Evaluates the trained models on the test data and computes performance metrics.
fastml_compute_holdout_results(
models,
train_data,
test_data,
label,
start_col = NULL,
time_col = NULL,
status_col = NULL,
task,
metric = NULL,
event_class,
class_threshold = "auto",
eval_times = NULL,
bootstrap_ci = TRUE,
bootstrap_samples = 500,
bootstrap_seed = 1234,
at_risk_threshold = 0.1,
survival_metric_convention = "fastml",
precomputed_predictions = NULL,
summaryFunction = NULL,
multiclass_auc = "macro"
)A list with two elements:
A named list of performance metric tibbles for each model.
A named list of data frames with columns including truth, predictions, and probabilities per model.
A list of trained model objects.
Preprocessed training data frame.
Preprocessed test data frame.
Name of the target variable. For survival analysis this should be a character vector of length two giving the names of the time and status columns.
Optional string. The name of the column specifying the
start time in counting process (e.g., `(start, stop, event)`) survival
data. Only used when task = "survival".
String. The name of the column specifying the event or
censoring time (the "stop" time in counting process data). Only used
when task = "survival".
String. The name of the column specifying the event
status (e.g., 0 for censored, 1 for event). Only used when
task = "survival".
Type of task: "classification", "regression", or "survival".
The performance metric to optimize (e.g., "accuracy", "rmse").
A single string. Either "first" or "second" to specify which level of truth to consider as the "event".
For binary classification, controls how class probabilities are converted into hard class predictions. Numeric values in (0, 1) set a fixed threshold. The default `"auto"` tunes a threshold on the training data to maximize F1; use `"model"` to keep the model's default threshold.
Optional numeric vector of evaluation horizons for survival
metrics. Passed through to process_model.
Logical indicating whether bootstrap confidence intervals should be computed for the evaluation metrics.
Number of bootstrap resamples used when
bootstrap_ci = TRUE.
Optional integer seed for the bootstrap procedure used in metric estimation.
Minimum proportion of subjects that must remain at risk to define \(t_{max}\) when computing survival metrics such as the integrated Brier score.
Character string specifying which survival metric conventions to follow. `"fastml"` (default) uses fastml's internal defaults for evaluation horizons and t_max. `"tidymodels"` uses `eval_times` as the explicit evaluation grid and applies yardstick-style Brier/IBS normalization; when `eval_times` is `NULL`, time-dependent Brier metrics are omitted.
Optional data frame or nested list of previously generated predictions (per algorithm/engine) to reuse instead of recomputing.

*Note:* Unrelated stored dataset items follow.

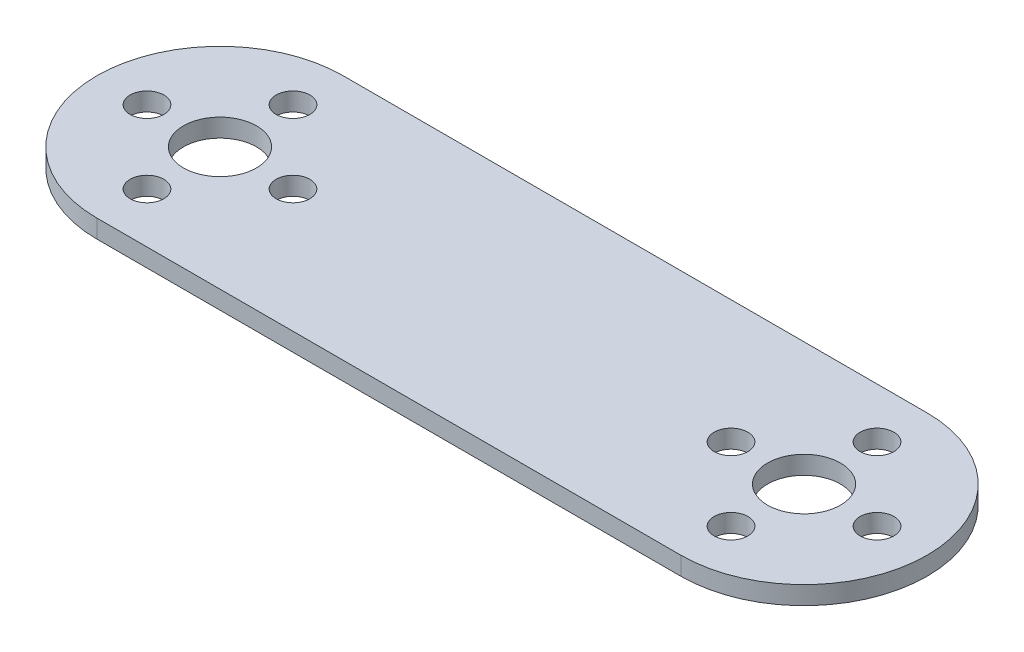
ISO-10303-21;
HEADER;
FILE_DESCRIPTION(('STEP AP214'),'2;1');
FILE_NAME('part.step','',(''),(''),'','','');
FILE_SCHEMA(('AUTOMOTIVE_DESIGN { 1 0 10303 214 1 1 1 1 }'));
ENDSEC;
DATA;
#1=APPLICATION_CONTEXT('core data for automotive mechanical design processes');
#2=APPLICATION_PROTOCOL_DEFINITION('international standard','automotive_design',2000,#1);
#3=PRODUCT_CONTEXT('',#1,'mechanical');
#4=PRODUCT('Part','Part','',(#3));
#5=PRODUCT_RELATED_PRODUCT_CATEGORY('part','',(#4));
#6=PRODUCT_DEFINITION_FORMATION('','',#4);
#7=PRODUCT_DEFINITION_CONTEXT('part definition',#1,'design');
#8=PRODUCT_DEFINITION('design','',#6,#7);
#9=PRODUCT_DEFINITION_SHAPE('','',#8);
#10=(LENGTH_UNIT() NAMED_UNIT(*) SI_UNIT(.MILLI.,.METRE.));
#11=(NAMED_UNIT(*) PLANE_ANGLE_UNIT() SI_UNIT($,.RADIAN.));
#12=(NAMED_UNIT(*) SI_UNIT($,.STERADIAN.) SOLID_ANGLE_UNIT());
#13=UNCERTAINTY_MEASURE_WITH_UNIT(LENGTH_MEASURE(1.E-05),#10,'distance_accuracy_value','');
#14=(GEOMETRIC_REPRESENTATION_CONTEXT(3) GLOBAL_UNCERTAINTY_ASSIGNED_CONTEXT((#13)) GLOBAL_UNIT_ASSIGNED_CONTEXT((#10,
#11,#12)) REPRESENTATION_CONTEXT('',''));
#15=CARTESIAN_POINT('',(0.,0.,0.));
#16=DIRECTION('',(0.,0.,1.));
#17=DIRECTION('',(1.,0.,0.));
#18=AXIS2_PLACEMENT_3D('',#15,#16,#17);
#19=CARTESIAN_POINT('',(0.,2.,0.));
#20=DIRECTION('',(0.,1.,0.));
#21=DIRECTION('',(0.,0.,1.));
#22=AXIS2_PLACEMENT_3D('',#19,#20,#21);
#23=PLANE('',#22);
#24=CARTESIAN_POINT('',(56.,2.,0.));
#25=DIRECTION('',(0.,1.,0.));
#26=DIRECTION('',(0.,0.,1.));
#27=AXIS2_PLACEMENT_3D('',#24,#25,#26);
#28=CIRCLE('',#27,1.85);
#29=CARTESIAN_POINT('',(56.,2.,1.85));
#30=VERTEX_POINT('',#29);
#31=EDGE_CURVE('E112',#30,#30,#28,.F.);
#32=ORIENTED_EDGE('',*,*,#31,.T.);
#33=EDGE_LOOP('',(#32));
#34=FACE_BOUND('',#33,.T.);
#35=CARTESIAN_POINT('',(64.,2.,8.));
#36=DIRECTION('',(0.,1.,0.));
#37=DIRECTION('',(0.,0.,1.));
#38=AXIS2_PLACEMENT_3D('',#35,#36,#37);
#39=CIRCLE('',#38,1.85);
#40=CARTESIAN_POINT('',(64.,2.,9.85));
#41=VERTEX_POINT('',#40);
#42=EDGE_CURVE('E115',#41,#41,#39,.F.);
#43=ORIENTED_EDGE('',*,*,#42,.T.);
#44=EDGE_LOOP('',(#43));
#45=FACE_BOUND('',#44,.T.);
#46=CARTESIAN_POINT('',(72.,2.,0.));
#47=DIRECTION('',(0.,1.,0.));
#48=DIRECTION('',(0.,0.,1.));
#49=AXIS2_PLACEMENT_3D('',#46,#47,#48);
#50=CIRCLE('',#49,1.85);
#51=CARTESIAN_POINT('',(72.,2.,1.85));
#52=VERTEX_POINT('',#51);
#53=EDGE_CURVE('E118',#52,#52,#50,.F.);
#54=ORIENTED_EDGE('',*,*,#53,.T.);
#55=EDGE_LOOP('',(#54));
#56=FACE_BOUND('',#55,.T.);
#57=CARTESIAN_POINT('',(64.,2.,-8.));
#58=DIRECTION('',(0.,1.,0.));
#59=DIRECTION('',(0.,0.,1.));
#60=AXIS2_PLACEMENT_3D('',#57,#58,#59);
#61=CIRCLE('',#60,1.85);
#62=CARTESIAN_POINT('',(64.,2.,-6.15));
#63=VERTEX_POINT('',#62);
#64=EDGE_CURVE('E121',#63,#63,#61,.F.);
#65=ORIENTED_EDGE('',*,*,#64,.T.);
#66=EDGE_LOOP('',(#65));
#67=FACE_BOUND('',#66,.T.);
#68=CARTESIAN_POINT('',(64.,2.,0.));
#69=DIRECTION('',(0.,1.,0.));
#70=DIRECTION('',(0.,0.,1.));
#71=AXIS2_PLACEMENT_3D('',#68,#69,#70);
#72=CIRCLE('',#71,4.);
#73=CARTESIAN_POINT('',(64.,2.,4.));
#74=VERTEX_POINT('',#73);
#75=EDGE_CURVE('E124',#74,#74,#72,.F.);
#76=ORIENTED_EDGE('',*,*,#75,.T.);
#77=EDGE_LOOP('',(#76));
#78=FACE_BOUND('',#77,.T.);
#79=CARTESIAN_POINT('',(-8.,2.,0.));
#80=DIRECTION('',(0.,1.,0.));
#81=DIRECTION('',(0.,0.,1.));
#82=AXIS2_PLACEMENT_3D('',#79,#80,#81);
#83=CIRCLE('',#82,1.85);
#84=CARTESIAN_POINT('',(-8.,2.,1.85));
#85=VERTEX_POINT('',#84);
#86=EDGE_CURVE('E127',#85,#85,#83,.F.);
#87=ORIENTED_EDGE('',*,*,#86,.T.);
#88=EDGE_LOOP('',(#87));
#89=FACE_BOUND('',#88,.T.);
#90=CARTESIAN_POINT('',(0.,2.,8.));
#91=DIRECTION('',(0.,1.,0.));
#92=DIRECTION('',(0.,0.,1.));
#93=AXIS2_PLACEMENT_3D('',#90,#91,#92);
#94=CIRCLE('',#93,1.85);
#95=CARTESIAN_POINT('',(0.,2.,9.85));
#96=VERTEX_POINT('',#95);
#97=EDGE_CURVE('E130',#96,#96,#94,.F.);
#98=ORIENTED_EDGE('',*,*,#97,.T.);
#99=EDGE_LOOP('',(#98));
#100=FACE_BOUND('',#99,.T.);
#101=CARTESIAN_POINT('',(8.,2.,0.));
#102=DIRECTION('',(0.,1.,0.));
#103=DIRECTION('',(0.,0.,1.));
#104=AXIS2_PLACEMENT_3D('',#101,#102,#103);
#105=CIRCLE('',#104,1.85);
#106=CARTESIAN_POINT('',(8.,2.,1.85));
#107=VERTEX_POINT('',#106);
#108=EDGE_CURVE('E133',#107,#107,#105,.F.);
#109=ORIENTED_EDGE('',*,*,#108,.T.);
#110=EDGE_LOOP('',(#109));
#111=FACE_BOUND('',#110,.T.);
#112=CARTESIAN_POINT('',(0.,2.,-8.));
#113=DIRECTION('',(0.,1.,0.));
#114=DIRECTION('',(0.,0.,1.));
#115=AXIS2_PLACEMENT_3D('',#112,#113,#114);
#116=CIRCLE('',#115,1.85);
#117=CARTESIAN_POINT('',(0.,2.,-6.15));
#118=VERTEX_POINT('',#117);
#119=EDGE_CURVE('E136',#118,#118,#116,.F.);
#120=ORIENTED_EDGE('',*,*,#119,.T.);
#121=EDGE_LOOP('',(#120));
#122=FACE_BOUND('',#121,.T.);
#123=CARTESIAN_POINT('',(0.,2.,0.));
#124=DIRECTION('',(0.,1.,0.));
#125=DIRECTION('',(0.,0.,1.));
#126=AXIS2_PLACEMENT_3D('',#123,#124,#125);
#127=CIRCLE('',#126,4.);
#128=CARTESIAN_POINT('',(0.,2.,4.));
#129=VERTEX_POINT('',#128);
#130=EDGE_CURVE('E139',#129,#129,#127,.F.);
#131=ORIENTED_EDGE('',*,*,#130,.T.);
#132=EDGE_LOOP('',(#131));
#133=FACE_BOUND('',#132,.T.);
#134=DIRECTION('',(-1.,0.,0.));
#135=VECTOR('',#134,1.);
#136=CARTESIAN_POINT('',(64.,2.,-13.5));
#137=LINE('',#136,#135);
#138=CARTESIAN_POINT('',(0.,2.,-13.5));
#139=VERTEX_POINT('',#138);
#140=CARTESIAN_POINT('',(64.,2.,-13.5));
#141=VERTEX_POINT('',#140);
#142=EDGE_CURVE('E66',#139,#141,#137,.F.);
#143=ORIENTED_EDGE('',*,*,#142,.F.);
#144=CARTESIAN_POINT('',(0.,2.,0.));
#145=DIRECTION('',(0.,1.,0.));
#146=DIRECTION('',(0.,0.,1.));
#147=AXIS2_PLACEMENT_3D('',#144,#145,#146);
#148=CIRCLE('',#147,13.5);
#149=CARTESIAN_POINT('',(0.,2.,13.5));
#150=VERTEX_POINT('',#149);
#151=EDGE_CURVE('E18',#150,#139,#148,.F.);
#152=ORIENTED_EDGE('',*,*,#151,.F.);
#153=DIRECTION('',(1.,0.,0.));
#154=VECTOR('',#153,1.);
#155=CARTESIAN_POINT('',(0.,2.,13.5));
#156=LINE('',#155,#154);
#157=CARTESIAN_POINT('',(64.,2.,13.5));
#158=VERTEX_POINT('',#157);
#159=EDGE_CURVE('E53',#158,#150,#156,.F.);
#160=ORIENTED_EDGE('',*,*,#159,.F.);
#161=CARTESIAN_POINT('',(64.,2.,0.));
#162=DIRECTION('',(0.,1.,0.));
#163=DIRECTION('',(0.,0.,1.));
#164=AXIS2_PLACEMENT_3D('',#161,#162,#163);
#165=CIRCLE('',#164,13.5);
#166=EDGE_CURVE('E73',#141,#158,#165,.F.);
#167=ORIENTED_EDGE('',*,*,#166,.F.);
#168=EDGE_LOOP('',(#143,#152,#160,#167));
#169=FACE_BOUND('',#168,.T.);
#170=ADVANCED_FACE('F15',(#34,#45,#56,#67,#78,#89,#100,#111,#122,#133,#169),#23,.T.);
#171=CARTESIAN_POINT('',(0.,0.,0.));
#172=DIRECTION('',(0.,1.,0.));
#173=DIRECTION('',(0.,0.,1.));
#174=AXIS2_PLACEMENT_3D('',#171,#172,#173);
#175=CYLINDRICAL_SURFACE('',#174,13.5);
#176=DIRECTION('',(0.,1.,0.));
#177=VECTOR('',#176,1.);
#178=CARTESIAN_POINT('',(0.,0.,-13.5));
#179=LINE('',#178,#177);
#180=CARTESIAN_POINT('',(0.,0.,-13.5));
#181=VERTEX_POINT('',#180);
#182=EDGE_CURVE('E78',#181,#139,#179,.T.);
#183=ORIENTED_EDGE('',*,*,#182,.F.);
#184=CARTESIAN_POINT('',(0.,0.,0.));
#185=DIRECTION('',(0.,1.,0.));
#186=DIRECTION('',(0.,0.,1.));
#187=AXIS2_PLACEMENT_3D('',#184,#185,#186);
#188=CIRCLE('',#187,13.5);
#189=CARTESIAN_POINT('',(0.,0.,13.5));
#190=VERTEX_POINT('',#189);
#191=EDGE_CURVE('E72',#181,#190,#188,.T.);
#192=ORIENTED_EDGE('',*,*,#191,.T.);
#193=DIRECTION('',(0.,1.,0.));
#194=VECTOR('',#193,1.);
#195=CARTESIAN_POINT('',(0.,0.,13.5));
#196=LINE('',#195,#194);
#197=EDGE_CURVE('E58',#150,#190,#196,.F.);
#198=ORIENTED_EDGE('',*,*,#197,.F.);
#199=ORIENTED_EDGE('',*,*,#151,.T.);
#200=EDGE_LOOP('',(#183,#192,#198,#199));
#201=FACE_BOUND('',#200,.T.);
#202=ADVANCED_FACE('F71',(#201),#175,.T.);
#203=CARTESIAN_POINT('',(0.,0.,13.5));
#204=DIRECTION('',(0.,0.,1.));
#205=DIRECTION('',(1.,0.,0.));
#206=AXIS2_PLACEMENT_3D('',#203,#204,#205);
#207=PLANE('',#206);
#208=ORIENTED_EDGE('',*,*,#197,.T.);
#209=DIRECTION('',(1.,0.,0.));
#210=VECTOR('',#209,1.);
#211=CARTESIAN_POINT('',(0.,0.,13.5));
#212=LINE('',#211,#210);
#213=CARTESIAN_POINT('',(64.,0.,13.5));
#214=VERTEX_POINT('',#213);
#215=EDGE_CURVE('E110',#190,#214,#212,.T.);
#216=ORIENTED_EDGE('',*,*,#215,.T.);
#217=DIRECTION('',(0.,1.,0.));
#218=VECTOR('',#217,1.);
#219=CARTESIAN_POINT('',(64.,0.,13.5));
#220=LINE('',#219,#218);
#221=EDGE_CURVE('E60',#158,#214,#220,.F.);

This is mainly used when combining results across engines.
Optional custom classification metric function passed
through to process_model for holdout evaluation.
For multiclass ROC AUC, the averaging method to use: `"macro"` (default, tidymodels) or `"macro_weighted"`. Macro weights each class equally, while macro_weighted weights by class prevalence and can change model rankings on imbalanced data.